Snape threw up his hands in exasperation. “If you even think of coming back as a ghost, I will ensure that you outlive me one way or another.”

Nearby, Onyx sent up a great wail: “No, Severus, don’t do it! Angst but no suicide! Angst but no suicide!”

The Potions master rolled his eyes and stalked off to the other side of the booth, where the fanwriters could not see him. Meir Brin gave the immortal expression of “heaven help me” and flipped through Ye Great Big Book of Rainy Day Fun Games.

“Cribbage, Cricket, hmm... ‘Shoots and Ladders’?” She looked over at the sulking Canon Characters. I don’t think so. “‘Stairmaster Deluxe Grand Prix’? Definitely not. Oh! Oh. Well... maybe...”

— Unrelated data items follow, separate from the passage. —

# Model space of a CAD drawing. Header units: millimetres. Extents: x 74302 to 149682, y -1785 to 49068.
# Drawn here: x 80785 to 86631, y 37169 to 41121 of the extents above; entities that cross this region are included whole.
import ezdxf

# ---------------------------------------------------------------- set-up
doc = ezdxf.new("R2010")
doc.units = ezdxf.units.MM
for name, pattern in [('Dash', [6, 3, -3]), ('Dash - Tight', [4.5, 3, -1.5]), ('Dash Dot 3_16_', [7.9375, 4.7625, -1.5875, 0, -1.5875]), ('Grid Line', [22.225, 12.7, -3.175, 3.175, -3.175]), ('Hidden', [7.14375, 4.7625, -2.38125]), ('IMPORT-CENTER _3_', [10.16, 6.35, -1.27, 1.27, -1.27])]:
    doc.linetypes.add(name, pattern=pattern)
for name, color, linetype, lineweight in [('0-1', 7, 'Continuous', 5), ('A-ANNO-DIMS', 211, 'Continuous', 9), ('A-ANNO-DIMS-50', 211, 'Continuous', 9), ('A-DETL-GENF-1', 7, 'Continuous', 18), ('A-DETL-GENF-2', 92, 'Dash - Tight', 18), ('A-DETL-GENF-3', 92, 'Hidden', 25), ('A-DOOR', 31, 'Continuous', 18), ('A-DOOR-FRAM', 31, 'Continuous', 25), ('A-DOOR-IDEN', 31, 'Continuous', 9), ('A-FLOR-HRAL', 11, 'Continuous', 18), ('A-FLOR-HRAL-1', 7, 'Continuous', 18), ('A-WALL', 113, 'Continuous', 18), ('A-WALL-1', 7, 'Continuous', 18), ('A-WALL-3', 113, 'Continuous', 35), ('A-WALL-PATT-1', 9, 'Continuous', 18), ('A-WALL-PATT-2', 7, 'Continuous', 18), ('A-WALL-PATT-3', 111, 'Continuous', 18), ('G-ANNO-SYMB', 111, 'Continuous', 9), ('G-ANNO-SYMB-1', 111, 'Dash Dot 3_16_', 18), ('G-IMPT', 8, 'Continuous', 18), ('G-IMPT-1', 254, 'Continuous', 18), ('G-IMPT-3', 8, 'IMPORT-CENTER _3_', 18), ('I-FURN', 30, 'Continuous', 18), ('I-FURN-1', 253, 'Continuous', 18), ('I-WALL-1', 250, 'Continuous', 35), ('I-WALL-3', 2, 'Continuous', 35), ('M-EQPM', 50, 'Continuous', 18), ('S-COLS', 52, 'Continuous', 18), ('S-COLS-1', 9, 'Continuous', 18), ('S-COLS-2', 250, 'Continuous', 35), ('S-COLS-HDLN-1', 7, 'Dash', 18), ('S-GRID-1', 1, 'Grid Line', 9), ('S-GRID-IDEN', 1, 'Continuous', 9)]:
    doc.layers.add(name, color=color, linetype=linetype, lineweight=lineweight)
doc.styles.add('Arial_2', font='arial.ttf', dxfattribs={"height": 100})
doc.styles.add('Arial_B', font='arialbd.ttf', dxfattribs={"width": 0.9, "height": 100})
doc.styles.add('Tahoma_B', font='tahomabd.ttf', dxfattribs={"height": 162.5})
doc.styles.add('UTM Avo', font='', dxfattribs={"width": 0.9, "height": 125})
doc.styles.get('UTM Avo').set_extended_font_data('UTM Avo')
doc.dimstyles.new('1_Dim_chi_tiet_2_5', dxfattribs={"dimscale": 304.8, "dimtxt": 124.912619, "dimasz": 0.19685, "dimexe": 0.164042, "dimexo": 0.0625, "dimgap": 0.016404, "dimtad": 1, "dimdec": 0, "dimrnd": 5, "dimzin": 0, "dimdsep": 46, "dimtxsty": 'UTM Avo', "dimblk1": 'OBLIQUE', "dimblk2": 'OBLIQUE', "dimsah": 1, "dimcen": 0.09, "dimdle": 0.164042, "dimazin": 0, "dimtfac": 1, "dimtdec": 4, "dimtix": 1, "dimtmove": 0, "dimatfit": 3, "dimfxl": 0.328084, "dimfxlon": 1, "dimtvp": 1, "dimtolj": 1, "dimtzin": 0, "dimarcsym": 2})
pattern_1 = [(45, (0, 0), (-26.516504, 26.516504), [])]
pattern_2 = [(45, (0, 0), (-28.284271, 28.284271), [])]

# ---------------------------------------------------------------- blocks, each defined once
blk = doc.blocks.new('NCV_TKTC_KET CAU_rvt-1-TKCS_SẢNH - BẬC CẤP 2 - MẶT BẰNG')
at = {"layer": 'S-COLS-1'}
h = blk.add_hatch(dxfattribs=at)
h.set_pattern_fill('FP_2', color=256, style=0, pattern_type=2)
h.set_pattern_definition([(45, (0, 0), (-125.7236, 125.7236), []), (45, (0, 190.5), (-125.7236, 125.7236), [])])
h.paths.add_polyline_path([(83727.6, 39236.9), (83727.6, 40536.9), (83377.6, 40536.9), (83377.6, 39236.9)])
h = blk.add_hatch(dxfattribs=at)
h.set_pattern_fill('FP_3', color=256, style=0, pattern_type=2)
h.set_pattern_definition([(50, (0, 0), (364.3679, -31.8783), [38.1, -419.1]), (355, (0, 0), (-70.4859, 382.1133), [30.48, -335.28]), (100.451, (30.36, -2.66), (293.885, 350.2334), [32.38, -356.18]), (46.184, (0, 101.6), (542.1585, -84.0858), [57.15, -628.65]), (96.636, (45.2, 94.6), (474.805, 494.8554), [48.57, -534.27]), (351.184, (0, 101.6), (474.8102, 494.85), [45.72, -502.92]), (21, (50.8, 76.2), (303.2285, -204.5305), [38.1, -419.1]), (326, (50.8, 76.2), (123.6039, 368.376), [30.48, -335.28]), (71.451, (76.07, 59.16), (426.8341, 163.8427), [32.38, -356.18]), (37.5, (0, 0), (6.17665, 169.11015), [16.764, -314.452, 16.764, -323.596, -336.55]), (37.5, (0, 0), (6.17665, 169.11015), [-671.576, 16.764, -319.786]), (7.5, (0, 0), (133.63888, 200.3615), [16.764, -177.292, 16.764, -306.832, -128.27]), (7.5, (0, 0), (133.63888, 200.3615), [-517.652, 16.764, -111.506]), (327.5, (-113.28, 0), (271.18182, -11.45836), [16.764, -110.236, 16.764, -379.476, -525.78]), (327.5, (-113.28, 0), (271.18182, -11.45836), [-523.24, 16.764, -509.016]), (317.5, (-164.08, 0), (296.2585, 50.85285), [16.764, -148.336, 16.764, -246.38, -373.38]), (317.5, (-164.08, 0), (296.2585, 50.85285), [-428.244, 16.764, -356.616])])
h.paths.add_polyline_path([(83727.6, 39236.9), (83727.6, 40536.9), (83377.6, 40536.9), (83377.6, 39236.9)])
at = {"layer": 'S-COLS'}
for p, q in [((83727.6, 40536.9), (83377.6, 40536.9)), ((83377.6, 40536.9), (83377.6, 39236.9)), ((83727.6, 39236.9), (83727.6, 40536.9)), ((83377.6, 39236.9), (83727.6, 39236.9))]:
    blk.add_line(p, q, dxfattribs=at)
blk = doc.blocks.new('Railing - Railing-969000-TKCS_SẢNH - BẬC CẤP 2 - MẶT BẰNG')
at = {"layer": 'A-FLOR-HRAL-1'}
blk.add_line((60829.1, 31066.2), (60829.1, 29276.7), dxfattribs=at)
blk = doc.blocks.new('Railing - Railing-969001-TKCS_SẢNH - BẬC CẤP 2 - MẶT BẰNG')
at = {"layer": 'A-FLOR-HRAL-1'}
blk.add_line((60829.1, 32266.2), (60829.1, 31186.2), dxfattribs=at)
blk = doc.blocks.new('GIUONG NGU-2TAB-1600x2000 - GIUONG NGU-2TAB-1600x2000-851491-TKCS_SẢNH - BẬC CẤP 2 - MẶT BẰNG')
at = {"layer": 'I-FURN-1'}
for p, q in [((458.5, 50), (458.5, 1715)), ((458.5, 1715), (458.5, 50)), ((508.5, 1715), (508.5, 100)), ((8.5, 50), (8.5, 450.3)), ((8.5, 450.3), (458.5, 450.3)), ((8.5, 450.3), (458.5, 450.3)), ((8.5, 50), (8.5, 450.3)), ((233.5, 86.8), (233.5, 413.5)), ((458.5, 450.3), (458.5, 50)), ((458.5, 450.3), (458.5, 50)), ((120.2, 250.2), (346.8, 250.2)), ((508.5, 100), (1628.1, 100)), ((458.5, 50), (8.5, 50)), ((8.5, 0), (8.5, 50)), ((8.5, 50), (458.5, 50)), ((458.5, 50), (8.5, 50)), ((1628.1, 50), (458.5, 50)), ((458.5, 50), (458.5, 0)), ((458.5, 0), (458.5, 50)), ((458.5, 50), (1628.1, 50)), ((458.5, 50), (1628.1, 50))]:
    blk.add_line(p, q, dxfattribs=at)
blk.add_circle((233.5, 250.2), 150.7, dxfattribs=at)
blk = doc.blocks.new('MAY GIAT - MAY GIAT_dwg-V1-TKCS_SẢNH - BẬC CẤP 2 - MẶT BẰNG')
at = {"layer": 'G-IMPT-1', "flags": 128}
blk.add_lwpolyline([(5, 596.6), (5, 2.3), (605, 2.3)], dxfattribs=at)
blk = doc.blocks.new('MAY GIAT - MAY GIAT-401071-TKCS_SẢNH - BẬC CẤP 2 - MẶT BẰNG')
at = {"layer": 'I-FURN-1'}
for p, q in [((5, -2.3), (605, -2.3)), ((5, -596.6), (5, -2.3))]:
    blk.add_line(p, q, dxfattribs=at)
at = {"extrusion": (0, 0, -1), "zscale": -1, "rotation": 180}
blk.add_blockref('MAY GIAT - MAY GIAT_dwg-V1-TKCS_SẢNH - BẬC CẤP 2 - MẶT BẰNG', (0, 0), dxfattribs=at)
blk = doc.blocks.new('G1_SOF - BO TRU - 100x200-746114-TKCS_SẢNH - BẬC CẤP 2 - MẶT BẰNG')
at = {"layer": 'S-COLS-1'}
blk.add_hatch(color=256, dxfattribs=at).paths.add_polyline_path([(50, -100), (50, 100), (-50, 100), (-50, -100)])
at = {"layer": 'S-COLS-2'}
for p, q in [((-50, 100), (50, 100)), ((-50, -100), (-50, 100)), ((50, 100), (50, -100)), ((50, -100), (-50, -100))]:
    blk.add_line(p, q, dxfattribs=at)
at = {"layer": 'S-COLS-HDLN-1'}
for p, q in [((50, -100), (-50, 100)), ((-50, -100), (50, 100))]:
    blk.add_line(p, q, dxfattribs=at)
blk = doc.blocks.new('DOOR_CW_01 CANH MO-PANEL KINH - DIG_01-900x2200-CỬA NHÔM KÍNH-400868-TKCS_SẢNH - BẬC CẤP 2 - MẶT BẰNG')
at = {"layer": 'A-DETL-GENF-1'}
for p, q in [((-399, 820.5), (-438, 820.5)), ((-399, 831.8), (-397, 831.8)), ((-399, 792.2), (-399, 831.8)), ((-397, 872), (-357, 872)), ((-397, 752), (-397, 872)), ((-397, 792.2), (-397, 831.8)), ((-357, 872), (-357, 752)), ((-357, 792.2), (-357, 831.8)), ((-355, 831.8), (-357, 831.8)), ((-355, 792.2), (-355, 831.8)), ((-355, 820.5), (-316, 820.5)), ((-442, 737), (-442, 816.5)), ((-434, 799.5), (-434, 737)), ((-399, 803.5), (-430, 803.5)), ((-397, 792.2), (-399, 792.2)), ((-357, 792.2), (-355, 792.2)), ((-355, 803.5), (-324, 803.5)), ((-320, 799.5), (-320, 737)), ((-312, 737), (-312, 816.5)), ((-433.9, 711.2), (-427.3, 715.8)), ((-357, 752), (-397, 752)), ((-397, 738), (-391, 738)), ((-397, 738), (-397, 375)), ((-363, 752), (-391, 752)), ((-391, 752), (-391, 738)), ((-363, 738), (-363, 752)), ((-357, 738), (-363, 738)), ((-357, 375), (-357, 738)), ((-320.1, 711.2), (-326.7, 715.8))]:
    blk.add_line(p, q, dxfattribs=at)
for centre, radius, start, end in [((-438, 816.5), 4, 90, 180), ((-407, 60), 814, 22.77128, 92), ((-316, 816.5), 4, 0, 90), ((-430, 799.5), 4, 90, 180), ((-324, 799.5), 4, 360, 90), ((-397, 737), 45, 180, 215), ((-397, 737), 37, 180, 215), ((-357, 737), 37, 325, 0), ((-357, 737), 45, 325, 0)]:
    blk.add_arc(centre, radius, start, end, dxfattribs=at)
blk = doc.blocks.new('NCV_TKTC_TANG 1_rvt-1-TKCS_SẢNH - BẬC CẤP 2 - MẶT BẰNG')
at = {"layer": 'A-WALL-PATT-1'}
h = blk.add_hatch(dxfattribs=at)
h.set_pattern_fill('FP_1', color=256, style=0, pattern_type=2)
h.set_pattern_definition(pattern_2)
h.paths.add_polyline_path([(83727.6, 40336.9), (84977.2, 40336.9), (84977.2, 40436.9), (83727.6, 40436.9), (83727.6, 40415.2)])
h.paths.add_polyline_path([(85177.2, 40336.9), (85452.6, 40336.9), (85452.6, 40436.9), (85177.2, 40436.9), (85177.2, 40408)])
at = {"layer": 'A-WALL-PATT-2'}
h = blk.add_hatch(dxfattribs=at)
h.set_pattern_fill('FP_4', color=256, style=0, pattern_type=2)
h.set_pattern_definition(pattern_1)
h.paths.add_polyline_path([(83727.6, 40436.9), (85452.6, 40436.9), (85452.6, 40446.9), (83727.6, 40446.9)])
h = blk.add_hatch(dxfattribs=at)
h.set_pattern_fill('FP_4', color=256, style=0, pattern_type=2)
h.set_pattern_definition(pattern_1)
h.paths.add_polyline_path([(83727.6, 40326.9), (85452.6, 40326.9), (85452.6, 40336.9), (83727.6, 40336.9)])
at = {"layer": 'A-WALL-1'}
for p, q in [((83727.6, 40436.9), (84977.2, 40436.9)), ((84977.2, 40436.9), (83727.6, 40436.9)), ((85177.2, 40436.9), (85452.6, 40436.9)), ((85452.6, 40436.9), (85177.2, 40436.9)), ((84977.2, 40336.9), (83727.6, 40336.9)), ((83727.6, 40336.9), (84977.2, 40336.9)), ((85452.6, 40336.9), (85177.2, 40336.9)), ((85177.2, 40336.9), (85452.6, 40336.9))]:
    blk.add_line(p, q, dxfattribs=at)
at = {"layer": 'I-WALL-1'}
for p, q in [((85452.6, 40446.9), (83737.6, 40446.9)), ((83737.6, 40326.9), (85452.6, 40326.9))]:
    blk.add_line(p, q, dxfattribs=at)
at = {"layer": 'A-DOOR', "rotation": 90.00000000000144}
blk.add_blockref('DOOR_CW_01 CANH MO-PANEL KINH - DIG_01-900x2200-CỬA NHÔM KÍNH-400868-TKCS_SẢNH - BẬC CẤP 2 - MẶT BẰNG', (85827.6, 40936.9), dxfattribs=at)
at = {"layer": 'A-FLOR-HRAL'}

“My ethereal senses tell me that a suitable substitute has been found!” exclaimed Professor Trelawney, trying to rub her temples prophetically. With the heavy plaster casts on her arms, it appeared rather difficult and gawky, but that was a moot point.

Meir Brin laughed. “All right then, a Staring Contest it is.”

“I refuse,” said Professor Snape shortly without any intonation.

“You say that because you fear defeat. I have foreseen your defeat in my future visions. Dark times, dark times are ahead for us. And dear Severus... he shall lose to the bewitching gaze that conceals itself within my eyes...”

After that, it did not take long to get Severus Snape and Sybill Trelawney out onto the Quidditch Pitch and trying to bore holes into each other’s head with their eyes. Meir Brin had to admire them. Trelawney was utterly immovable with her dazed, trance-like stare, and Snape seemed to be forcing his eyes to remain open with sheer willpower.

Meir Brin glanced at her watch. Five minutes, six minutes... twenty-four minutes, thirty-one minutes...

“All right, one more minute and we call it a draw,” she said, quite tired.

Sybill’s eyes had started to water. Severus kept squinting, then biting his lip in a manner that suggested how fed up he actually was.

“Seven, six, five—”

“HE BLINKED,” roared Trelawney. “Look, did you see it? Did you?”

Meir Brin nodded. “I’m afraid you did, Professor. Trelawney will be marked as having won this round.”

The Divination professor slumped back into her wheelchair happily, like some old coot on their porch rocking chair. “All has been fulfilled. In my dreams I saw this moment, and now it has come to fruition.” She looked up at Snape, who was turning an amusing shade of Blello. “Do not worry, my dear. As I have said, I foresaw your defeat.”

Snape ground his teeth and turned abruptly to return to the castle. Unfortunately, Lyssie St. Cloud and Belphegor were cursed with ill luck when they passed in front of the angry professor. They were scrubbing the carburetor fluid out of their robes for the next two days.

Meir Brin walked off of the pitch that day, happy as well. But ill news was there to greet her as well, in the form of Klose.

“Meir Brin, we have a very, very big inconvenience. I just found James Potter. Tied up. In the Owlery. He has been heavily sedated, and I think that he is wearing lipstick.”